(Records contained in a dataset)

⁂

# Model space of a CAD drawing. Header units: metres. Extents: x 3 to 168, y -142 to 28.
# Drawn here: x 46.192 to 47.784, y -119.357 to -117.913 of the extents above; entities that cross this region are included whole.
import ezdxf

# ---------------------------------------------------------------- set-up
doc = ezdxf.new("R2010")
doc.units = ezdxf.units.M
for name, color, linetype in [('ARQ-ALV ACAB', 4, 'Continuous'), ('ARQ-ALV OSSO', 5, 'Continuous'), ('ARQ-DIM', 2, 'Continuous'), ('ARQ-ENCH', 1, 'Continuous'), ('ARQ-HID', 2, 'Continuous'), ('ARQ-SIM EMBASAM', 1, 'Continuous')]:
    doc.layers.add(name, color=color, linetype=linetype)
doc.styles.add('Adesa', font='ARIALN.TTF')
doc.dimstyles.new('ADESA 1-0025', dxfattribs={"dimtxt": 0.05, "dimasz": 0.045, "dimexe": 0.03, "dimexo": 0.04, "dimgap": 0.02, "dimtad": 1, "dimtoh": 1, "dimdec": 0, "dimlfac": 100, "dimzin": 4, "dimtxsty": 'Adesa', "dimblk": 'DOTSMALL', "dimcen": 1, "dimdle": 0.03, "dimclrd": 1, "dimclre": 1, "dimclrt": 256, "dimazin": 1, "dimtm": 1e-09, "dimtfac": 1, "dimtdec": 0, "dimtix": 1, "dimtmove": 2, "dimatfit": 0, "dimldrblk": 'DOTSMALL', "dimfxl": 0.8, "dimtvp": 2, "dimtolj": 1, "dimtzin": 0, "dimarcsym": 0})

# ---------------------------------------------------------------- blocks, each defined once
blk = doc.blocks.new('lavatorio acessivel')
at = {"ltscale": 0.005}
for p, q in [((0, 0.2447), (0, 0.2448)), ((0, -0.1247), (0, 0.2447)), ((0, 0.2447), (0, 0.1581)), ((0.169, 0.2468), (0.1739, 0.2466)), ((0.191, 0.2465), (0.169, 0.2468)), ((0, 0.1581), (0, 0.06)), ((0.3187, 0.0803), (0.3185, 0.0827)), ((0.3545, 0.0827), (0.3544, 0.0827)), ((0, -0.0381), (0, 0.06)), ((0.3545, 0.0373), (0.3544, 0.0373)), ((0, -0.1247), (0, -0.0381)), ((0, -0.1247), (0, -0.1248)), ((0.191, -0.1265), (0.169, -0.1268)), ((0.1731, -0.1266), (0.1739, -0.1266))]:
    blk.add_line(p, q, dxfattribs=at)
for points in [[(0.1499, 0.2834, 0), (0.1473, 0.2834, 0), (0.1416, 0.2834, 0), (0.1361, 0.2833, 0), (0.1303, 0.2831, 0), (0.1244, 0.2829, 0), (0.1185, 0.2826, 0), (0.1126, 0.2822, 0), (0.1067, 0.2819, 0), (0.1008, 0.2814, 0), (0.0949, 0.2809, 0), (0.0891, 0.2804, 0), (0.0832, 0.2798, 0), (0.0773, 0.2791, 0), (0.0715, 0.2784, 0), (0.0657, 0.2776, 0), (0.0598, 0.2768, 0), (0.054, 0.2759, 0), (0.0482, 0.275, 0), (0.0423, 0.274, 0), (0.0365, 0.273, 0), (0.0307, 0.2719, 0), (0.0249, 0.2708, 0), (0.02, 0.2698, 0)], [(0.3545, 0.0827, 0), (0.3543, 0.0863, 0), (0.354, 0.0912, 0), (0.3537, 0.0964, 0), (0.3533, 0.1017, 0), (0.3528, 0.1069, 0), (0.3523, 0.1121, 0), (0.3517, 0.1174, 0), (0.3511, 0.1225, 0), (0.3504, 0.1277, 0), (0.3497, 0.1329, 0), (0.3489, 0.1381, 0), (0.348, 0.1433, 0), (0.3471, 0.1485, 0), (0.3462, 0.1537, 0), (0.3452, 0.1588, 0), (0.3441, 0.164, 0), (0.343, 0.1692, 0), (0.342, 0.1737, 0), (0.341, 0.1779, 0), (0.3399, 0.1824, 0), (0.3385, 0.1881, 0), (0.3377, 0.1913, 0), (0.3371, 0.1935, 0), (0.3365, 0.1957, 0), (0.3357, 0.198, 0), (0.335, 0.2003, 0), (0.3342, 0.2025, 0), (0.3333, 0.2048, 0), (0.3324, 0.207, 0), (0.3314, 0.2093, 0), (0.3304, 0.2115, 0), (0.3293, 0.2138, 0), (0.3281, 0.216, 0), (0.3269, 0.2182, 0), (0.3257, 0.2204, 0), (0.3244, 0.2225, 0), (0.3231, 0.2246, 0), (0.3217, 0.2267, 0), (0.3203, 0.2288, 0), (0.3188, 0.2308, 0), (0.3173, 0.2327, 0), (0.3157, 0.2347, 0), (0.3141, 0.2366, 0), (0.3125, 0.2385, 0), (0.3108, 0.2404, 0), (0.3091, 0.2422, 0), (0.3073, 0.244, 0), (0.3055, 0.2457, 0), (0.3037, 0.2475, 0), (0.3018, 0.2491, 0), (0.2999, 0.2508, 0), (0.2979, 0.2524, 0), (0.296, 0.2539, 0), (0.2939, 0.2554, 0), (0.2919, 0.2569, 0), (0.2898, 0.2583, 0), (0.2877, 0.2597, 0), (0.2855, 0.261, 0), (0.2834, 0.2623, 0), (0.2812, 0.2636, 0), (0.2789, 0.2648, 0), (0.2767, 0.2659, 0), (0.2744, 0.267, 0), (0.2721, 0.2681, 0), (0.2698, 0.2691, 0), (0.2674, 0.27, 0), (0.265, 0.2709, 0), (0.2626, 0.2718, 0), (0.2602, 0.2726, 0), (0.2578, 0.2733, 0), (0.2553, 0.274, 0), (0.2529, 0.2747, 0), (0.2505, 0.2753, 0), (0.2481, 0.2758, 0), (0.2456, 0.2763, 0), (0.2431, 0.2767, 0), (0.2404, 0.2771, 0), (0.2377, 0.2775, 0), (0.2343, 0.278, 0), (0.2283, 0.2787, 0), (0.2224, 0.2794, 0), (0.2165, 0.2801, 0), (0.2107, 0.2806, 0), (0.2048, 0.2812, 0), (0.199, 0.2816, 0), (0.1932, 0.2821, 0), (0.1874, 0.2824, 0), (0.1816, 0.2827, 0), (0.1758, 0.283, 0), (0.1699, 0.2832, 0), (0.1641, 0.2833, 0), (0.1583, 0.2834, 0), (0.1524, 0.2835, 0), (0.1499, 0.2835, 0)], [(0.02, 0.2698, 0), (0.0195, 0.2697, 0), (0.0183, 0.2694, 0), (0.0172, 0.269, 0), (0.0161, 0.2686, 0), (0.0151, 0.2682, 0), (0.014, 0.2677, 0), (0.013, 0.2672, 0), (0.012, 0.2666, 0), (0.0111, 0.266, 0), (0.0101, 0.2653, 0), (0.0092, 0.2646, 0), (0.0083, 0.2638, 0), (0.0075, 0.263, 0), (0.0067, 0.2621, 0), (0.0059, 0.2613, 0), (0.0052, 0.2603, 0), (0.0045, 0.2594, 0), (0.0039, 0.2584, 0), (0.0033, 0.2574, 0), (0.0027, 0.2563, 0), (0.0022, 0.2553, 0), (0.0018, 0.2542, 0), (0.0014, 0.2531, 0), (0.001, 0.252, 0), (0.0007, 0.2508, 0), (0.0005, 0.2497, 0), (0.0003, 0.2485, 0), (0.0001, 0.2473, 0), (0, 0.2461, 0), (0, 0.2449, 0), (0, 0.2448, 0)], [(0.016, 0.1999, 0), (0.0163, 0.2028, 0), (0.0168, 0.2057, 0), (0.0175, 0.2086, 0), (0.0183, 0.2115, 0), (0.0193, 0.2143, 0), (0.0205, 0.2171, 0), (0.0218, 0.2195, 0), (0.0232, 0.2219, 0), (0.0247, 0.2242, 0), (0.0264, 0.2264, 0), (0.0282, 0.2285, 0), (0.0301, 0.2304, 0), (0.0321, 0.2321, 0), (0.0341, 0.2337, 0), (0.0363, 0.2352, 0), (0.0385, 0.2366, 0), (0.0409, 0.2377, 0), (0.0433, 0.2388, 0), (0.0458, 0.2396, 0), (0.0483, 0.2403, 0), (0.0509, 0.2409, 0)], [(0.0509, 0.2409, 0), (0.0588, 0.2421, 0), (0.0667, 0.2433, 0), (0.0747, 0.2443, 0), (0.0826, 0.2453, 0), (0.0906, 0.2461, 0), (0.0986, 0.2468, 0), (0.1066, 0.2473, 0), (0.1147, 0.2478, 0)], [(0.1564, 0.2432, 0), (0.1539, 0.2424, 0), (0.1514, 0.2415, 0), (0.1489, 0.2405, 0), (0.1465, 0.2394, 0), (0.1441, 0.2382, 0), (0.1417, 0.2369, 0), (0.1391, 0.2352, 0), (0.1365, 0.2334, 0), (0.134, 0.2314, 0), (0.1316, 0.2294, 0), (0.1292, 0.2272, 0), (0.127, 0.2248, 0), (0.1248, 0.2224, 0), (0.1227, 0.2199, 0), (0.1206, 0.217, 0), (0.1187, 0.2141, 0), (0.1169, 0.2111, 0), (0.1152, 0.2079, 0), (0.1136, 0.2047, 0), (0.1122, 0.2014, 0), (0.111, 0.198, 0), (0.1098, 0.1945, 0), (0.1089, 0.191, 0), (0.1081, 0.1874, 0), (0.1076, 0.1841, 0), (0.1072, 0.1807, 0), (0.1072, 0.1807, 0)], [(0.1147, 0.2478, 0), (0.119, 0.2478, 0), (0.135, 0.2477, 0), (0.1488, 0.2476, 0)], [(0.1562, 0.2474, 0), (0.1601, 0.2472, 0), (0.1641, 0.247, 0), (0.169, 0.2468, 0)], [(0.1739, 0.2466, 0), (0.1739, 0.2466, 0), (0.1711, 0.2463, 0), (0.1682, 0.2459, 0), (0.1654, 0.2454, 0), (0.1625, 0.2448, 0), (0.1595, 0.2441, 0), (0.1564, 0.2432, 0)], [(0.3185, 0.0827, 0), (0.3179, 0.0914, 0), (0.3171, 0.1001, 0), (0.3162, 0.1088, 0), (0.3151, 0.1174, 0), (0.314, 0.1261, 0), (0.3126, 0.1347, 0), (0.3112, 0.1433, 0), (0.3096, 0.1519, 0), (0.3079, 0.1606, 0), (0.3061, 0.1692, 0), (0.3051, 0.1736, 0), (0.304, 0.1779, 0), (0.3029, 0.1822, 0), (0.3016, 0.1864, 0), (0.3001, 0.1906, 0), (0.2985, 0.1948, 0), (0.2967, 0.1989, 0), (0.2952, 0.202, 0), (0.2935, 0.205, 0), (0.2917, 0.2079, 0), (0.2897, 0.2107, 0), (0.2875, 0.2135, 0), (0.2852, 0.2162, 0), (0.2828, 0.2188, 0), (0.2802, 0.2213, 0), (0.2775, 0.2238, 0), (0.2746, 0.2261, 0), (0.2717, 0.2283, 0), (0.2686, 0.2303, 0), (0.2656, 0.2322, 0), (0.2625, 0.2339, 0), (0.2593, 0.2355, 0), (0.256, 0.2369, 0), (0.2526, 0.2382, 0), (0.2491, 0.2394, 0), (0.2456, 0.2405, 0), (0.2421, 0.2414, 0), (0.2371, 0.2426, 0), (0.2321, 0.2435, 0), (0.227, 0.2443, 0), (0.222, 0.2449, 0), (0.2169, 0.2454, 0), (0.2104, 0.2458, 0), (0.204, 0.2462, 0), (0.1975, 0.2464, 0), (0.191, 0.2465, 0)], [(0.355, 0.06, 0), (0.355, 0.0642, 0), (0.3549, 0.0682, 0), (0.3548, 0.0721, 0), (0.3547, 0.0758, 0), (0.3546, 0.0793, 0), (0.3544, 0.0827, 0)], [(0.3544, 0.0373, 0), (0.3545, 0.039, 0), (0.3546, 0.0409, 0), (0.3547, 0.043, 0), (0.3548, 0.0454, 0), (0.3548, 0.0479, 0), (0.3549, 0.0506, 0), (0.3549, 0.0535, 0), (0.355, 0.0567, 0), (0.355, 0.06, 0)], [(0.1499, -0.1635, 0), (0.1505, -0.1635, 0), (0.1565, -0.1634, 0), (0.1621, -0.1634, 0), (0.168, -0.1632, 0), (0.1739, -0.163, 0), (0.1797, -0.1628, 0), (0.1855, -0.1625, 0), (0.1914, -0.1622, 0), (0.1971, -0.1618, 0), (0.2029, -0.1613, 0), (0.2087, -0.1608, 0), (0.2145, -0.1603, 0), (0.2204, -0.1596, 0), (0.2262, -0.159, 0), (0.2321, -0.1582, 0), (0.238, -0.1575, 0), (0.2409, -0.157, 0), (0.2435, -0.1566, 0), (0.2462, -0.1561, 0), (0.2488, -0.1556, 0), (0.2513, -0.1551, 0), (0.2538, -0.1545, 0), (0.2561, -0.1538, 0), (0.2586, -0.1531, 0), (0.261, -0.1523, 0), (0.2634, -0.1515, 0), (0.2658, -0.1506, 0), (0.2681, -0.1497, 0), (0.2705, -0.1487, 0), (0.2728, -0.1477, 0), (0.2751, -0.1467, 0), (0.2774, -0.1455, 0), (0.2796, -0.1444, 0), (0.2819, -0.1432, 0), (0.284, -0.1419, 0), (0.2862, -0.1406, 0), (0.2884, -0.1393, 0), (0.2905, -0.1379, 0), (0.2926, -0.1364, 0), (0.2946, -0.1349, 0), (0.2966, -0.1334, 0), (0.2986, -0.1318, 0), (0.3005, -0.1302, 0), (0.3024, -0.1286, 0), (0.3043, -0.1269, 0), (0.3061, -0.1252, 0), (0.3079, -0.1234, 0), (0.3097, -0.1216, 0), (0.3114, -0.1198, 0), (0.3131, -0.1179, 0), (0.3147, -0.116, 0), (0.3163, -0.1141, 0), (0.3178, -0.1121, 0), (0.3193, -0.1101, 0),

⁂

* **INSTRUCTIONS TO FOLLOW**
Stop at the line containing "doc.units = ezdxf.units.M". Please print exactly every line before it from the start of the records, plus that line itself, and nothing else.

* **REPLY**
# Model space of a CAD drawing. Header units: metres. Extents: x 3 to 168, y -142 to 28.
# Drawn here: x 46.192 to 47.784, y -119.357 to -117.913 of the extents above; entities that cross this region are included whole.
import ezdxf

# ---------------------------------------------------------------- set-up
doc = ezdxf.new("R2010")
doc.units = ezdxf.units.M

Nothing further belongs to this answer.